For purposes of this Agreement, any determination of "Good Reason"
made by the Executive in good faith based upon his reasonable
belief and understanding shall be conclusive.
2. Term. The term ("Term") of this Agreement shall commence on the date
first above written (the "Commencement Date") and, unless terminated earlier as
provided hereunder, shall continue through the third anniversary of the
Commencement Date (the "Termination Date"); provided, however, that commencing
on the anniversary of the Commencement Date (the "Extension Date") and on each
subsequent Extension Date each year thereafter, the term of this Agreement shall
automatically be extended for one additional year, unless at least 90 days prior
to such Extension Date, the Company shall have given notice that it does not
wish to extend this Agreement. Upon the occurrence of a Change in Control during
the term of this Agreement, including any extensions thereof, this Agreement
shall automatically be extended until the end of the Effective Period and may
not be terminated by the Company during such time.
3. Notice of Termination.
(a) Any termination of the Executive's employment by the Company, or
by any affiliate of the Company by which the Executive is employed, for
Cause, or by the Executive for Good Reason shall be communicated by
Notice of Termination to the other party hereto given in accordance with
paragraph 11 of this Agreement. For purposes of this Agreement, a "Notice
of Termination" for termination of employment for Cause or for Good
Reason means a written notice which (i) is given at least thirty (30)

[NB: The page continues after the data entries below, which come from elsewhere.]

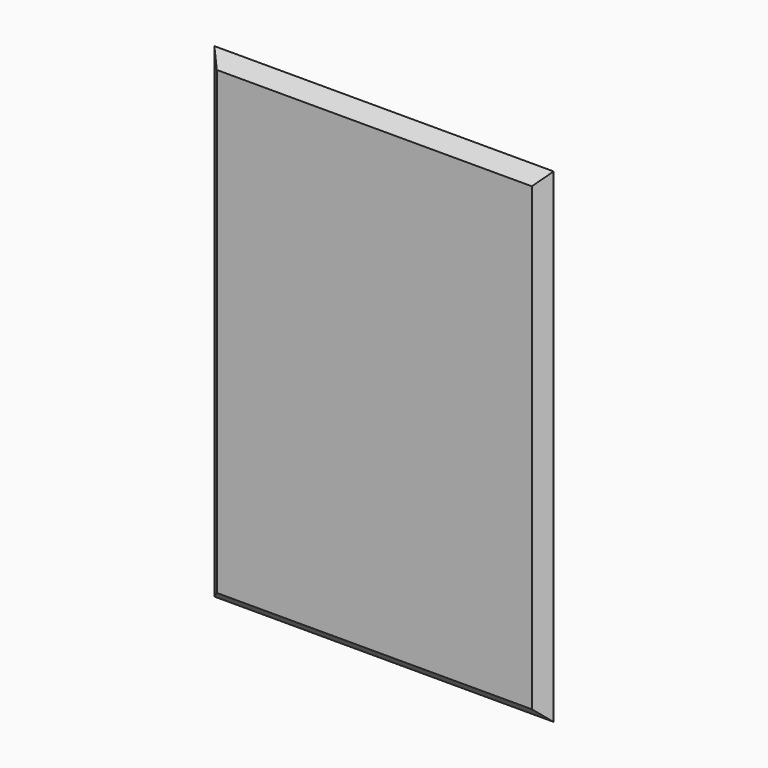
from build123d import *

# Parameters (mm, degrees)
F0_W     = 177.8
F0_H     = 254
F1_DEPTH = 6.35
F2_SIZE2 = 6.34999
F2_SIZE  = 6.34999


# Not quite as in the source:
# - a fillet or chamfer is up to 0.001 mm smaller than in the source, because OpenCascade refuses the exact size


with BuildPart() as f1:
    # F0 (on Front) → F1 (new body)
    with BuildSketch(Plane.XZ):
        with Locations((-61.3160093542, -4.4609885663)):
            Rectangle(F0_W, F0_H)
    extrude(amount=F1_DEPTH)

    # F2 (size 6.35 and 6.35 in the source; OpenCascade refuses exactly that, so slightly less here)
    f2_edges = [f1.edges().sort_by_distance(p)[0] for p in [
        (-61.316009, -6.35, 122.539011),
        (-150.216009, -6.35, -4.460989),
        (-61.316009, -6.35, -131.460989),
        (27.583991, -6.35, -4.460989),
    ]]
    chamfer(f2_edges, length=F2_SIZE, length2=F2_SIZE2)


solid = f1.part
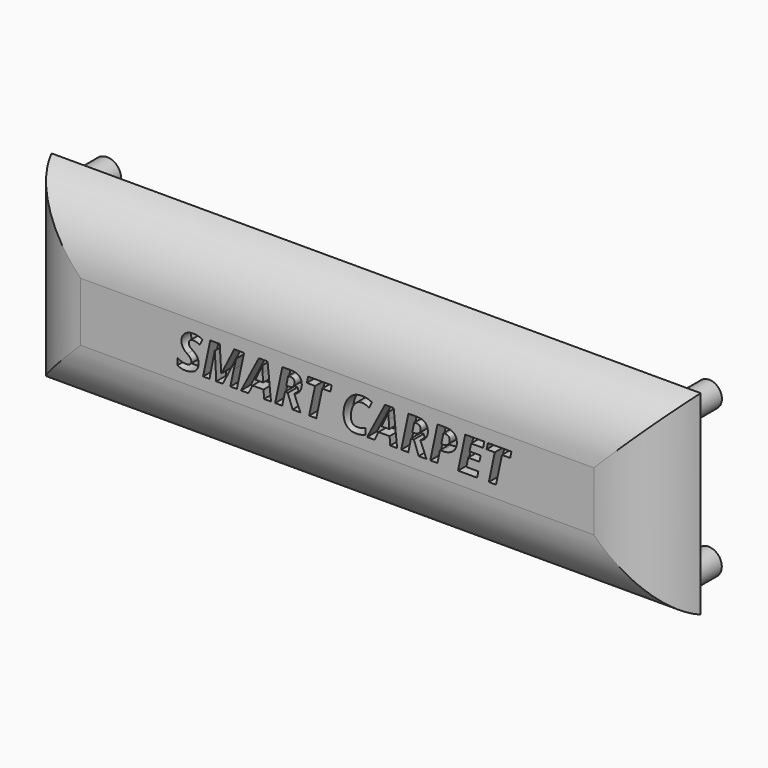
from build123d import *

# Parameters (mm, degrees)
F0_W          = 133.1781893969
F0_H          = 40
F1_DEPTH      = 5
F3_R          = 2.6063085699
F4_DEPTH      = 7.5
F5_R          = 2.8765835579
F6_DEPTH      = 7.5
F7_R          = 2.7014551769
F8_DEPTH      = 7.5
F9_R          = 2.5277062163
F10_DEPTH     = 7.5
F11_T1_DEPTH  = 202.9159221191
F11_T3_DEPTH  = 109.7377327222
F12_TEXT_SIZE = 9.8016708054
F13_DEPTH     = 2.5


# Not quite as in the source:
# - a fillet or chamfer that OpenCascade refuses, or shapes differently, is made with other operations: its cross-section is extruded or revolved along the edge and cut away or added
# - Text() gives the source's letters only with a copy of the font that has no kerning and outlines rounded to 1/6400 em; it was checked with that copy


with BuildPart() as f1:
    # F0 (on Front) → F1 (new body, symmetric)
    with BuildSketch(Plane.XZ):
        Rectangle(F0_W, F0_H)
    extrude(amount=F1_DEPTH, both=True)

    # F3 (on face) → F4 (join, symmetric)
    with BuildSketch(Plane(origin=(0, 5, 0), x_dir=(-1, 0, 0), z_dir=(0, 1, 0))):
        with Locations((-62.3338446021, 15.3954122216)):
            Circle(F3_R)
    extrude(amount=F4_DEPTH, both=True)

    # F5 (on face) → F6 (join, symmetric)
    with BuildSketch(Plane(origin=(0, 5, 0), x_dir=(-1, 0, 0), z_dir=(0, 1, 0))):
        with Locations((61.1956864595, 15.1598416269)):
            Circle(F5_R)
    extrude(amount=F6_DEPTH, both=True)

    # F7 (on face) → F8 (join, symmetric)
    with BuildSketch(Plane(origin=(0, 5, 0), x_dir=(-1, 0, 0), z_dir=(0, 1, 0))):
        with Locations((-62.2093006968, -14.8980282247)):
            Circle(F7_R)
    extrude(amount=F8_DEPTH, both=True)

    # F9 (on face) → F10 (join, symmetric)
    with BuildSketch(Plane(origin=(0, 5, 0), x_dir=(-1, 0, 0), z_dir=(0, 1, 0))):
        with Locations((61.6838186979, -15.0171425194)):
            Circle(F9_R)
    extrude(amount=F10_DEPTH, both=True)

    # F11: fillet of radius 14.7267027305 on 4 edges, made by hand

    # F11_s2 → F11_t1 (cut)
    with BuildSketch(Plane.YZ.offset(-101.4579610595)):
        with BuildLine():
            ThreePointArc((5, 20), (-2.2416831114, 14.6334506967), (-5, 6.0524534556))
            Line((-5, 6.0524534556), (-5, 20))
            Line((-5, 20), (5, 20))
        make_face()
        with BuildLine():
            ThreePointArc((-5, -6.0524534556), (-2.2416831114, -14.6334506967), (5, -20))
            Line((5, -20), (-5, -20))
            Line((-5, -20), (-5, -6.0524534556))
        make_face()
    extrude(amount=F11_T1_DEPTH, mode=Mode.SUBTRACT)

    # F11_s4 → F11_t3 (cut)
    with BuildSketch(Plane.XY.offset(-54.8688663611)):
        with BuildLine():
            ThreePointArc((-66.5890946984, 5), (-61.2225453951, -2.2416831114), (-52.641548154, -5))
            Line((-52.641548154, -5), (-66.5890946984, -5))
            Line((-66.5890946984, -5), (-66.5890946984, 5))
        make_face()
        with BuildLine():
            ThreePointArc((52.641548154, -5), (61.2225453951, -2.2416831114), (66.5890946984, 5))
            Line((66.5890946984, 5), (66.5890946984, -5))
            Line((66.5890946984, -5), (52.641548154, -5))
        make_face()
    extrude(amount=F11_T3_DEPTH, mode=Mode.SUBTRACT)

    # F12 (on face) → F13 (cut, symmetric)
    with BuildSketch(Plane.XZ.offset(5)):
        with Locations((-32.9558667145, -3.5211753566)):
            Text('SMART CARPET', F12_TEXT_SIZE, font='Open Sans', font_style=FontStyle.BOLDITALIC, text_align=(TextAlign.LEFT, TextAlign.BOTTOM))
    extrude(amount=F13_DEPTH, both=True, mode=Mode.SUBTRACT)


solid = f1.part
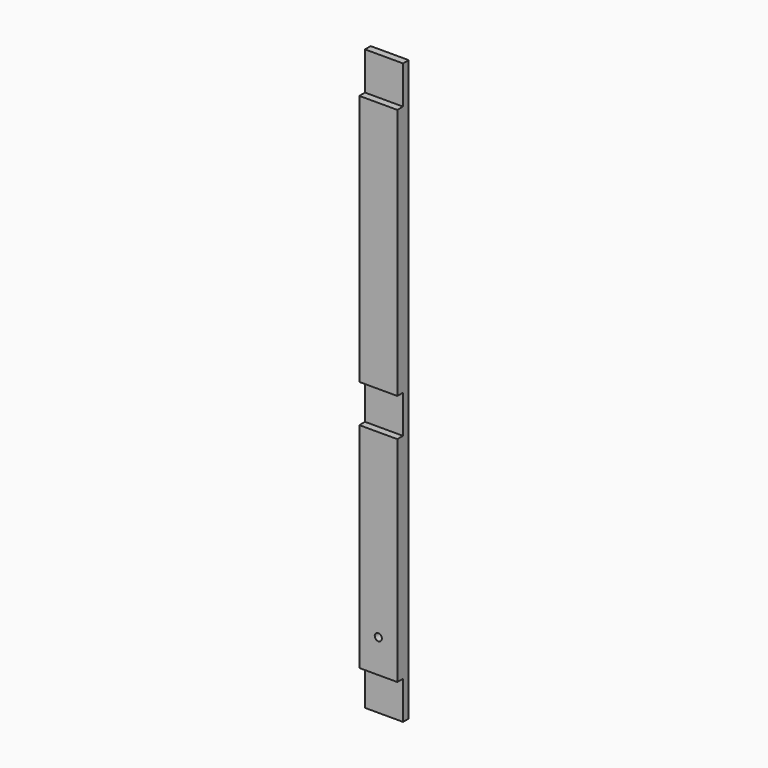
from build123d import *

# Parameters (mm, degrees)
F0_W     = 50.8
F0_H     = 19.05
F1_DEPTH = 774.7
F2_W     = 122.43557321
F2_H     = 50.8
F2_W_2   = 343.1604206562
F2_W_3   = 264.5317912102
F3_DEPTH = 25.4
F4_R     = 0.79375
F5_DEPTH = 25.4
F6_R     = 4.7625
F7_DEPTH = 25.4


# Not quite as in the source:
# - a feature names something its author has since deleted; it is built from what else it names


with BuildPart() as f1:
    # F0 (on Top) → F1 (new body)
    with BuildSketch(Plane.XY):
        Rectangle(F0_W, F0_H)
    extrude(amount=F1_DEPTH)

    # F2 (on Front) → F3 (cut)
    with BuildSketch(Plane.XZ):
        with Locations((22.4465244144, 25.4)):
            Rectangle(F2_W, F2_H)
        with Locations((-38.7818217278, 749.3)):
            Rectangle(F2_W_2, F2_H)
        with Locations((-47.6498156786, 361.95)):
            Rectangle(F2_W_3, F2_H)
    extrude(amount=F3_DEPTH, mode=Mode.SUBTRACT)

    # F4 (on Front) → F5 (cut)
    with BuildSketch(Plane.XZ):
        with Locations((9.525, 101.6)):
            Circle(F4_R)
        with Locations((9.525, 155.575)):
            Circle(F4_R)
        with Locations((9.525, 619.125)):
            Circle(F4_R)
        with Locations((9.525, 673.1)):
            Circle(F4_R)
        with Locations((-9.525, 619.125)):
            Circle(F4_R)
        with Locations((-9.525, 673.1)):
            Circle(F4_R)
        with Locations((-9.525, 101.6)):
            Circle(F4_R)
        with Locations((-9.525, 155.575)):
            Circle(F4_R)
    extrude(amount=-F5_DEPTH, mode=Mode.SUBTRACT)

    # F6 (on Front) → F7 (cut)
    with BuildSketch(Plane.XZ):
        with Locations((0, 95.25)):
            Circle(F6_R)
    extrude(amount=F7_DEPTH, mode=Mode.SUBTRACT)


solid = f1.part

days prior to the Date of Termination; (ii) indicates the specific
termination provision in this Agreement relied upon, (iii) to the extent
applicable, sets forth in reasonable detail the facts and circumstances
claimed to provide a basis for termination of the Executive's employment
under the provision so indicated, (iv) specifies the employment
termination date; and (v) allows the recipient of the Notice of
Termination at least thirty (30) days to cure the act or omission relied
upon in the Notice of Termination. The failure to set forth in the Notice
of Termination any fact or circumstance which contributes to a showing of
Good Reason or Cause will not waive any right of the party giving the
Notice of Termination hereunder or preclude such party from asserting
such fact or circumstance in enforcing its rights hereunder.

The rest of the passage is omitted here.